Provocations – The environmental implications of biodiesel
Post by guest author, Paul Martin, author of (2006), "Biodiesel for the Small Producer".
Biofuels or specifically biodiesel which I have been involved with for many years presents us with the opportunity to reduce or increase emissions. Biodiesel is available at approximately 100 bowsers in Australia and one can drive all over Germany without a drop of fossil diesel needed. Biodiesel can be made by the tankful at home (see the Grown Fuel website) or by the ton loads twenty-four hours per day. Following the "bigger-makes-more-money" theme, Australia could have the capacity for 1 billion litres of installed biodiesel production by the end of 2007 – if this plan was not flawed by the drought, a movement to decentralised production and the stabilising (for now) oil price. The movement to decentralise production by making biodiesel on a smaller scale in regional areas has been promoted by people who grow oil seed crop.
However, like many of the emerging "green" industries, we believe that they are much better for the environment, this is not always the case…. Emerging "green" technologies must be considered within their specific contexts and may not represent the only or best choice for all occasions.
For example, there are many different sources of biodiesel which have different implications in terms of environmental and social outcomes. Life-cycle emissions from biodiesel made from used cooking oil (a waste product from deep frying food) is the best automotive fuel available.
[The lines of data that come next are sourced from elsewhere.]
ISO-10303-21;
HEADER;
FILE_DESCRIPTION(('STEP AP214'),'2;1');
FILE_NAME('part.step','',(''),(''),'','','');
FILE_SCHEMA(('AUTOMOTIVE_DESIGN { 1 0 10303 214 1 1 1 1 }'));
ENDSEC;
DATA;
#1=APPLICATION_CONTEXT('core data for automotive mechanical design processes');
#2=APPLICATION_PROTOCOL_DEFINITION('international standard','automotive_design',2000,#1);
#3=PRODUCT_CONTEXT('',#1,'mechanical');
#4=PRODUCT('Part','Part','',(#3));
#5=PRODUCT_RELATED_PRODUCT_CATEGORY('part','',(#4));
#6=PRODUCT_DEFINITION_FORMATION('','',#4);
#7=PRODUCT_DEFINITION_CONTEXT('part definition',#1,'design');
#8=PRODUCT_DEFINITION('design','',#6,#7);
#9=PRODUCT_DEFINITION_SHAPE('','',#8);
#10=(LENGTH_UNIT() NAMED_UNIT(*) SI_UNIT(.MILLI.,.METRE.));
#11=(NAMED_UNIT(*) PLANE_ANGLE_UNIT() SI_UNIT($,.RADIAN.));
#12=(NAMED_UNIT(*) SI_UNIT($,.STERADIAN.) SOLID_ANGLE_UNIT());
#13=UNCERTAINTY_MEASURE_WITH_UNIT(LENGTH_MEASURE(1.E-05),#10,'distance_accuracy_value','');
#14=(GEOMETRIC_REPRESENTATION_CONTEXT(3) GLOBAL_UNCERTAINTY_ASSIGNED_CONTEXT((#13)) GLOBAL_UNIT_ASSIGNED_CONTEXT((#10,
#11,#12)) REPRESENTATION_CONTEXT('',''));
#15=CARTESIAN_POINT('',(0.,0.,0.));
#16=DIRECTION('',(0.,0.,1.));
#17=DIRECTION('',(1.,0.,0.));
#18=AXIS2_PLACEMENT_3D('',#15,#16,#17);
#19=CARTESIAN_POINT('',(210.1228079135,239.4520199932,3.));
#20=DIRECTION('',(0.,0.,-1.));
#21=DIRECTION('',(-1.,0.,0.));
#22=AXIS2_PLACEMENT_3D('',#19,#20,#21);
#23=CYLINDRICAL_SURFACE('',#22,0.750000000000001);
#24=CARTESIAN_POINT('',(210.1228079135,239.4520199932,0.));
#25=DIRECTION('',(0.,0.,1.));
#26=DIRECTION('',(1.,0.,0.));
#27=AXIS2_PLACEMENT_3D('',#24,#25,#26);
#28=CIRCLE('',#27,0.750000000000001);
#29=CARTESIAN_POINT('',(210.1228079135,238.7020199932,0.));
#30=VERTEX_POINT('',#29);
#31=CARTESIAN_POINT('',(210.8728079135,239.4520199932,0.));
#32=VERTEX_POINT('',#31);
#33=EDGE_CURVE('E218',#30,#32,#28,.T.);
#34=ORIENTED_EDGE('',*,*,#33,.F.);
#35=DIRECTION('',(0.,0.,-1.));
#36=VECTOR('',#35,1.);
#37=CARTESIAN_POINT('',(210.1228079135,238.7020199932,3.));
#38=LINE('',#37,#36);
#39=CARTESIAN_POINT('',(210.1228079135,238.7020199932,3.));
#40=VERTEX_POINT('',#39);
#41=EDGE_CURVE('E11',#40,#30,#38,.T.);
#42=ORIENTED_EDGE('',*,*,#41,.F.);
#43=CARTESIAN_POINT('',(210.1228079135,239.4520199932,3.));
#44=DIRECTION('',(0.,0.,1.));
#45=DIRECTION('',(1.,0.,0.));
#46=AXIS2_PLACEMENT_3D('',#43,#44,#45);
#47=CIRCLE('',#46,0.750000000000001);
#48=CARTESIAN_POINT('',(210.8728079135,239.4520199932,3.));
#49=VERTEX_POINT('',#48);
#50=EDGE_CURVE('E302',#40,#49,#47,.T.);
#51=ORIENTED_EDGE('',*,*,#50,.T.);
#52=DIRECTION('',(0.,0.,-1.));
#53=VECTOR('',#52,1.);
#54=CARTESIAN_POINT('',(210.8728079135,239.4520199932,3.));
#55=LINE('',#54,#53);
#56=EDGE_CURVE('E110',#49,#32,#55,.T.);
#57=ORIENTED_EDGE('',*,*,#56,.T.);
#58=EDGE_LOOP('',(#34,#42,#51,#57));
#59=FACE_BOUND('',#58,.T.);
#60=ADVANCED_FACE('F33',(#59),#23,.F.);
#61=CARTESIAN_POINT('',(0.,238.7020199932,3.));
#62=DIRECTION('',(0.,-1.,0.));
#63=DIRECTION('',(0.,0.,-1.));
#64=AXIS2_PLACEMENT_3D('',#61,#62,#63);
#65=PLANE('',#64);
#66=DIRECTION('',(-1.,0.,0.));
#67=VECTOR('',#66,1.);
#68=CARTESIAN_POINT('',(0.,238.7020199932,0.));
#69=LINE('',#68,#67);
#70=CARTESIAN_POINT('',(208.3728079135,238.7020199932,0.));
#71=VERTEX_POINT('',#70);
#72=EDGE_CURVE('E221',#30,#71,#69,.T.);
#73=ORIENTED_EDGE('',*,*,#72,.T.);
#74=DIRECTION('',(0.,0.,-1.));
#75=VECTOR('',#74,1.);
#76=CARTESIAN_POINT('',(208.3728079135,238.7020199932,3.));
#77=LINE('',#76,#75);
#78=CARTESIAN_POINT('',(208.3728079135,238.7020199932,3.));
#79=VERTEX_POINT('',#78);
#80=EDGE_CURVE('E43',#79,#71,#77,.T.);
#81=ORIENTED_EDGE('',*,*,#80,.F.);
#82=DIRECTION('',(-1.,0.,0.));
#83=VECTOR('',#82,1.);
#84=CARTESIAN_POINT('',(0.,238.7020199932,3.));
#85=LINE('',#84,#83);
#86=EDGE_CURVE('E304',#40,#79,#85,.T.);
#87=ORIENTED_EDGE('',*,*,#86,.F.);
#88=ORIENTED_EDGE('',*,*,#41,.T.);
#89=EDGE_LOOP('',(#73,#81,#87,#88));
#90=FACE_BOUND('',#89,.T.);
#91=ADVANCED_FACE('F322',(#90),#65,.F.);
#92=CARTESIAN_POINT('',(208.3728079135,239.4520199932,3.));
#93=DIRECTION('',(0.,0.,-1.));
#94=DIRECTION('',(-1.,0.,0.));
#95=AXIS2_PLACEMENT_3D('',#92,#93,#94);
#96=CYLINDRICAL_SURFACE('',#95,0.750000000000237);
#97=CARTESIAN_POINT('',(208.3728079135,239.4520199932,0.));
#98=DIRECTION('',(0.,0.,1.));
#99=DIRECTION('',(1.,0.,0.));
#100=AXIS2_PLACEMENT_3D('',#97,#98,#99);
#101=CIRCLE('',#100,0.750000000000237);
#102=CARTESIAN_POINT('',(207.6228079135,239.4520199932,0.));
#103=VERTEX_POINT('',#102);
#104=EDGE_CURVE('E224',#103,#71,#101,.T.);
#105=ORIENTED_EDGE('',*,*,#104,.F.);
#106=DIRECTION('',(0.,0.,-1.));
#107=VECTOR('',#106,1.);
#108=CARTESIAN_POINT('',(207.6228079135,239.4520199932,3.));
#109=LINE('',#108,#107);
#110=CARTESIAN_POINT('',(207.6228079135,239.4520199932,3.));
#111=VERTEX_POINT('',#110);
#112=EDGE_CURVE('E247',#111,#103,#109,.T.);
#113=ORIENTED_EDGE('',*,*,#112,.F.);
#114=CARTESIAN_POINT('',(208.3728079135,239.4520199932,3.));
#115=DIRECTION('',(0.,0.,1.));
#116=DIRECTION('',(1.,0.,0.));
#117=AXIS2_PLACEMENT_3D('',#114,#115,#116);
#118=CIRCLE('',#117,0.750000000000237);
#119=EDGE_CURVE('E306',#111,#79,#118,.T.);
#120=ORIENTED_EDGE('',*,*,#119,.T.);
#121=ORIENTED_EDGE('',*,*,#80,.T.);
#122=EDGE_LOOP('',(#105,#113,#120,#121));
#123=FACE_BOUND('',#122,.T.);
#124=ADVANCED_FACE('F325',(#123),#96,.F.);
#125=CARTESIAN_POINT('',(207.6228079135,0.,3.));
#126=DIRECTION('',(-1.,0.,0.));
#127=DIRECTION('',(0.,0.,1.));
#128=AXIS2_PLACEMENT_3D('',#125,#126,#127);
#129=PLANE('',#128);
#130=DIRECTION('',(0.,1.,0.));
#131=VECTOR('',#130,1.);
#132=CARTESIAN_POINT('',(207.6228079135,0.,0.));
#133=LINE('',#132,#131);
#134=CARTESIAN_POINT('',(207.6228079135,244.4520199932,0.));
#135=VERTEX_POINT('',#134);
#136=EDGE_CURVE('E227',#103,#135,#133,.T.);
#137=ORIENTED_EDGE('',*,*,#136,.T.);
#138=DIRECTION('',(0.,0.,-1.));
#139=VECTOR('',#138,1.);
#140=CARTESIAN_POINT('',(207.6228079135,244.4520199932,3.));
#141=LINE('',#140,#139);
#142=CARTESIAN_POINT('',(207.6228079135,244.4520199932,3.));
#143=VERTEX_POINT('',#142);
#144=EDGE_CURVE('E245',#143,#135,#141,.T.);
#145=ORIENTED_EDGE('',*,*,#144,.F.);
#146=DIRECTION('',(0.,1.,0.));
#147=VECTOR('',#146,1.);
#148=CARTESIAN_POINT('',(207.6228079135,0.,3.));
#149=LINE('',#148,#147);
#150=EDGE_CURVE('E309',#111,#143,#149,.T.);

Emissions from growing the oil seed crop are attributed to the food production and not to the fuel, making it pretty much unbeatable.
Biodiesel made from a purpose grown crop has to include the emissions from the tractor that seeded and harvested it, the truck that carted it in addition to the processing, use of fertiliser, pesticides, etc. With all these costs considered, biodiesal made from purpose grown crops actually stacks up very high and compares well to the emissions produced from fossil fuels.
This measurement of carbon emissions is more difficult to calculate when one considers the methods to grow and harvest the crop. Soil science is complicated just like climate change. New studies looking at the amount of carbon locked up in soil show that more carbon can be stored in the soil of a forest than the trees, like-wise oil crops grown to displace fossil diesel can lock up between 2 to 5 times the amount of carbon that it displaces in the diesel by storing it in the soil. The carbon reduction varies dependant on the method used to grow and harvest the crop.
So far, so good – grow a crop, displace carbon AND lock up carbon in the soil! But what if a rainforest has to be cleared to make room for the oil crop? Not only do we loose biodiversity, expedite the third great extinction of species on this planet but we also loose the carbon locked up in the trees and, as we are coming to only recently understand, the carbon store in the soil. Unfortunately Oil Palm grows very well where tropical rainforest used to and palm oil yields are also the best of any oil crop. The Indonesian and Malaysian territories of Sumatra and Borneo have been clearfell logged and burned or simply just burned to make room for palm oil for many years now for cooking and cosmetics. Does the name Palmolive sound familiar? Biofuels, the new market, is now making the demand for palm oil ever bigger with mandates in up to 30 countries for the use of biofuels.
So when you choose your biofuel, the question to ask is, "Where does this fuel originate from?"